-- INFORMATION PROVIDED follows --
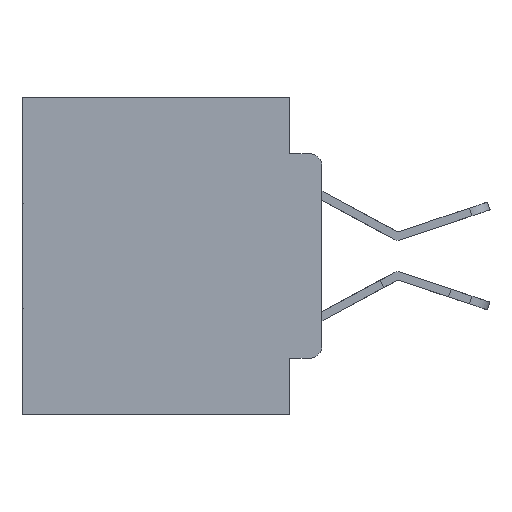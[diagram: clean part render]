
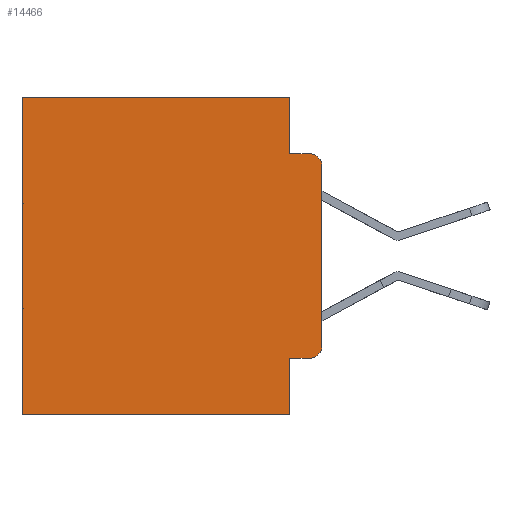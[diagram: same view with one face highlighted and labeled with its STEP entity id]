
A CAD part, left-side view. The second image highlights one B-rep face of the part: STEP entity #14466.
In plain terms, the highlighted planar face has unit normal (-1, 0, 0).
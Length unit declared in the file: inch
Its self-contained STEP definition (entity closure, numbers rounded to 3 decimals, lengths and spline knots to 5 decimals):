
#537 = VECTOR ( 'NONE', #11118, 39.37008 ) ;
#742 = DIRECTION ( 'NONE',  ( 0., 1., 0. ) ) ;
#1007 = CARTESIAN_POINT ( 'NONE',  ( 0.298, 0.02, -0.0885 ) ) ;
#1241 = DIRECTION ( 'NONE',  ( 0., 0., -1. ) ) ;
#1332 = LINE ( 'NONE', #6746, #19795 ) ;
#1403 = CARTESIAN_POINT ( 'NONE',  ( 0.298, 0.02, -0.1085 ) ) ;
#1651 = CARTESIAN_POINT ( 'NONE',  ( 0.298, 0.051, 0. ) ) ;
#1877 = VERTEX_POINT ( 'NONE', #1007 ) ;
#2342 = CIRCLE ( 'NONE', #5670, 0.02 ) ;
#2569 = ORIENTED_EDGE ( 'NONE', *, *, #29369, .T. ) ;
#2618 = VECTOR ( 'NONE', #26802, 39.37008 ) ;
#3079 = CARTESIAN_POINT ( 'NONE',  ( 0.298, 0.051, -0.0885 ) ) ;
#3905 = DIRECTION ( 'NONE',  ( 0., 0., -1. ) ) ;
#4143 = ORIENTED_EDGE ( 'NONE', *, *, #13810, .F. ) ;
#4150 = DIRECTION ( 'NONE',  ( 0., 0., -1. ) ) ;
#5330 = VECTOR ( 'NONE', #1241, 39.37008 ) ;
#5378 = VERTEX_POINT ( 'NONE', #25492 ) ;
#5553 = VERTEX_POINT ( 'NONE', #23073 ) ;
#5612 = DIRECTION ( 'NONE',  ( 0., -1., 0. ) ) ;
#5670 = AXIS2_PLACEMENT_3D ( 'NONE', #1403, #18321, #3905 ) ;
#5718 = EDGE_CURVE ( 'NONE', #14407, #5378, #21729, .T. ) ;
#6103 = LINE ( 'NONE', #24993, #5330 ) ;
#6240 = AXIS2_PLACEMENT_3D ( 'NONE', #10985, #27284, #13372 ) ;
#6746 = CARTESIAN_POINT ( 'NONE',  ( 0.298, 0.473, 0. ) ) ;
#7427 = EDGE_LOOP ( 'NONE', ( #29777, #2569, #28727, #25826, #28212, #10768, #24969, #4143, #7792, #25683 ) ) ;
#7653 = CARTESIAN_POINT ( 'NONE',  ( 0.298, 0.051, -0.5 ) ) ;
#7792 = ORIENTED_EDGE ( 'NONE', *, *, #5718, .T. ) ;
#7996 = PLANE ( 'NONE',  #13932 ) ;
#8206 = CARTESIAN_POINT ( 'NONE',  ( 0.298, 0., 0. ) ) ;
#8691 = CARTESIAN_POINT ( 'NONE',  ( 0.298, 0., 0. ) ) ;
#8885 = LINE ( 'NONE', #3079, #20685 ) ;
#10376 = VERTEX_POINT ( 'NONE', #14582 ) ;
#10768 = ORIENTED_EDGE ( 'NONE', *, *, #15390, .T. ) ;
#10979 = VERTEX_POINT ( 'NONE', #7653 ) ;
#10985 = CARTESIAN_POINT ( 'NONE',  ( 0.298, 0.02, -0.3915 ) ) ;
#11118 = DIRECTION ( 'NONE',  ( 0., 1., 0. ) ) ;
#11848 = VECTOR ( 'NONE', #742, 39.37008 ) ;
#12676 = CARTESIAN_POINT ( 'NONE',  ( 0.298, 0.473, -0.5 ) ) ;
#13038 = DIRECTION ( 'NONE',  ( 0., 0., -1. ) ) ;
#13223 = EDGE_CURVE ( 'NONE', #25692, #10376, #6103, .T. ) ;
#13372 = DIRECTION ( 'NONE',  ( 0., 0., -1. ) ) ;
#13546 = LINE ( 'NONE', #1651, #25170 ) ;
#13810 = EDGE_CURVE ( 'NONE', #14407, #10979, #15100, .T. ) ;
#13932 = AXIS2_PLACEMENT_3D ( 'NONE', #8206, #26951, #13038 ) ;
#14407 = VERTEX_POINT ( 'NONE', #22145 ) ;
#14466 = ADVANCED_FACE ( 'NONE', ( #27018 ), #7996, .F. ) ;
#14582 = CARTESIAN_POINT ( 'NONE',  ( 0.298, 0., -0.3915 ) ) ;
#15100 = LINE ( 'NONE', #26988, #21307 ) ;
#15390 = EDGE_CURVE ( 'NONE', #5553, #17923, #1332, .T. ) ;
#16647 = CARTESIAN_POINT ( 'NONE',  ( 0.298, 0.051, -0.0885 ) ) ;
#17923 = VERTEX_POINT ( 'NONE', #12676 ) ;
#18036 = CIRCLE ( 'NONE', #6240, 0.02 ) ;
#18321 = DIRECTION ( 'NONE',  ( -1., 0., 0. ) ) ;
#18377 = CARTESIAN_POINT ( 'NONE',  ( 0.298, 0., -0.1085 ) ) ;
#18911 = VERTEX_POINT ( 'NONE', #16647 ) ;
#19737 = VERTEX_POINT ( 'NONE', #29739 ) ;
#19755 = LINE ( 'NONE', #8691, #537 ) ;
#19795 = VECTOR ( 'NONE', #20955, 39.37008 ) ;
#20685 = VECTOR ( 'NONE', #5612, 39.37008 ) ;
#20955 = DIRECTION ( 'NONE',  ( 0., 0., -1. ) ) ;
#21307 = VECTOR ( 'NONE', #29316, 39.37008 ) ;
#21729 = LINE ( 'NONE', #26873, #2618 ) ;
#22145 = CARTESIAN_POINT ( 'NONE',  ( 0.298, 0.051, -0.4115 ) ) ;
#23073 = CARTESIAN_POINT ( 'NONE',  ( 0.298, 0.473, 0. ) ) ;
#23183 = EDGE_CURVE ( 'NONE', #19737, #18911, #13546, .T. ) ;
#23625 = EDGE_CURVE ( 'NONE', #19737, #5553, #19755, .T. ) ;
#24712 = EDGE_CURVE ( 'NONE', #18911, #1877, #8885, .T. ) ;
#24969 = ORIENTED_EDGE ( 'NONE', *, *, #25486, .F. ) ;
#24993 = CARTESIAN_POINT ( 'NONE',  ( 0.298, 0., 0. ) ) ;
#25170 = VECTOR ( 'NONE', #4150, 39.37008 ) ;
#25486 = EDGE_CURVE ( 'NONE', #10979, #17923, #30370, .T. ) ;
#25492 = CARTESIAN_POINT ( 'NONE',  ( 0.298, 0.02, -0.4115 ) ) ;
#25683 = ORIENTED_EDGE ( 'NONE', *, *, #26847, .T. ) ;
#25692 = VERTEX_POINT ( 'NONE', #18377 ) ;
#25826 = ORIENTED_EDGE ( 'NONE', *, *, #23183, .F. ) ;
#26802 = DIRECTION ( 'NONE',  ( 0., -1., 0. ) ) ;
#26847 = EDGE_CURVE ( 'NONE', #5378, #10376, #18036, .T. ) ;
#26873 = CARTESIAN_POINT ( 'NONE',  ( 0.298, 0.051, -0.4115 ) ) ;
#26951 = DIRECTION ( 'NONE',  ( 1., 0., 0. ) ) ;
#26988 = CARTESIAN_POINT ( 'NONE',  ( 0.298, 0.051, 0. ) ) ;
#27018 = FACE_OUTER_BOUND ( 'NONE', #7427, .T. ) ;
#27284 = DIRECTION ( 'NONE',  ( -1., 0., 0. ) ) ;
#28212 = ORIENTED_EDGE ( 'NONE', *, *, #23625, .T. ) ;
#28727 = ORIENTED_EDGE ( 'NONE', *, *, #24712, .F. ) ;
#29196 = CARTESIAN_POINT ( 'NONE',  ( 0.298, 0., -0.5 ) ) ;
#29316 = DIRECTION ( 'NONE',  ( 0., 0., -1. ) ) ;
#29369 = EDGE_CURVE ( 'NONE', #25692, #1877, #2342, .T. ) ;
#29739 = CARTESIAN_POINT ( 'NONE',  ( 0.298, 0.051, 0. ) ) ;
#29777 = ORIENTED_EDGE ( 'NONE', *, *, #13223, .F. ) ;
#30370 = LINE ( 'NONE', #29196, #11848 ) ;
-- INFORMATION PROVIDED concluded --
THE TASK |
Starting at the first line of the records above, set down each line exactly through the one that holds "Length unit declared in the file: inch". Omit pictures.

ANSWER SECTION |
[diagram: clean part render]
[diagram: same view with one face highlighted and labeled with its STEP entity id]
A CAD part, left-side view. The second image highlights one B-rep face of the part: STEP entity #14466.
In plain terms, the highlighted planar face has unit normal (-1, 0, 0).
Length unit declared in the file: inch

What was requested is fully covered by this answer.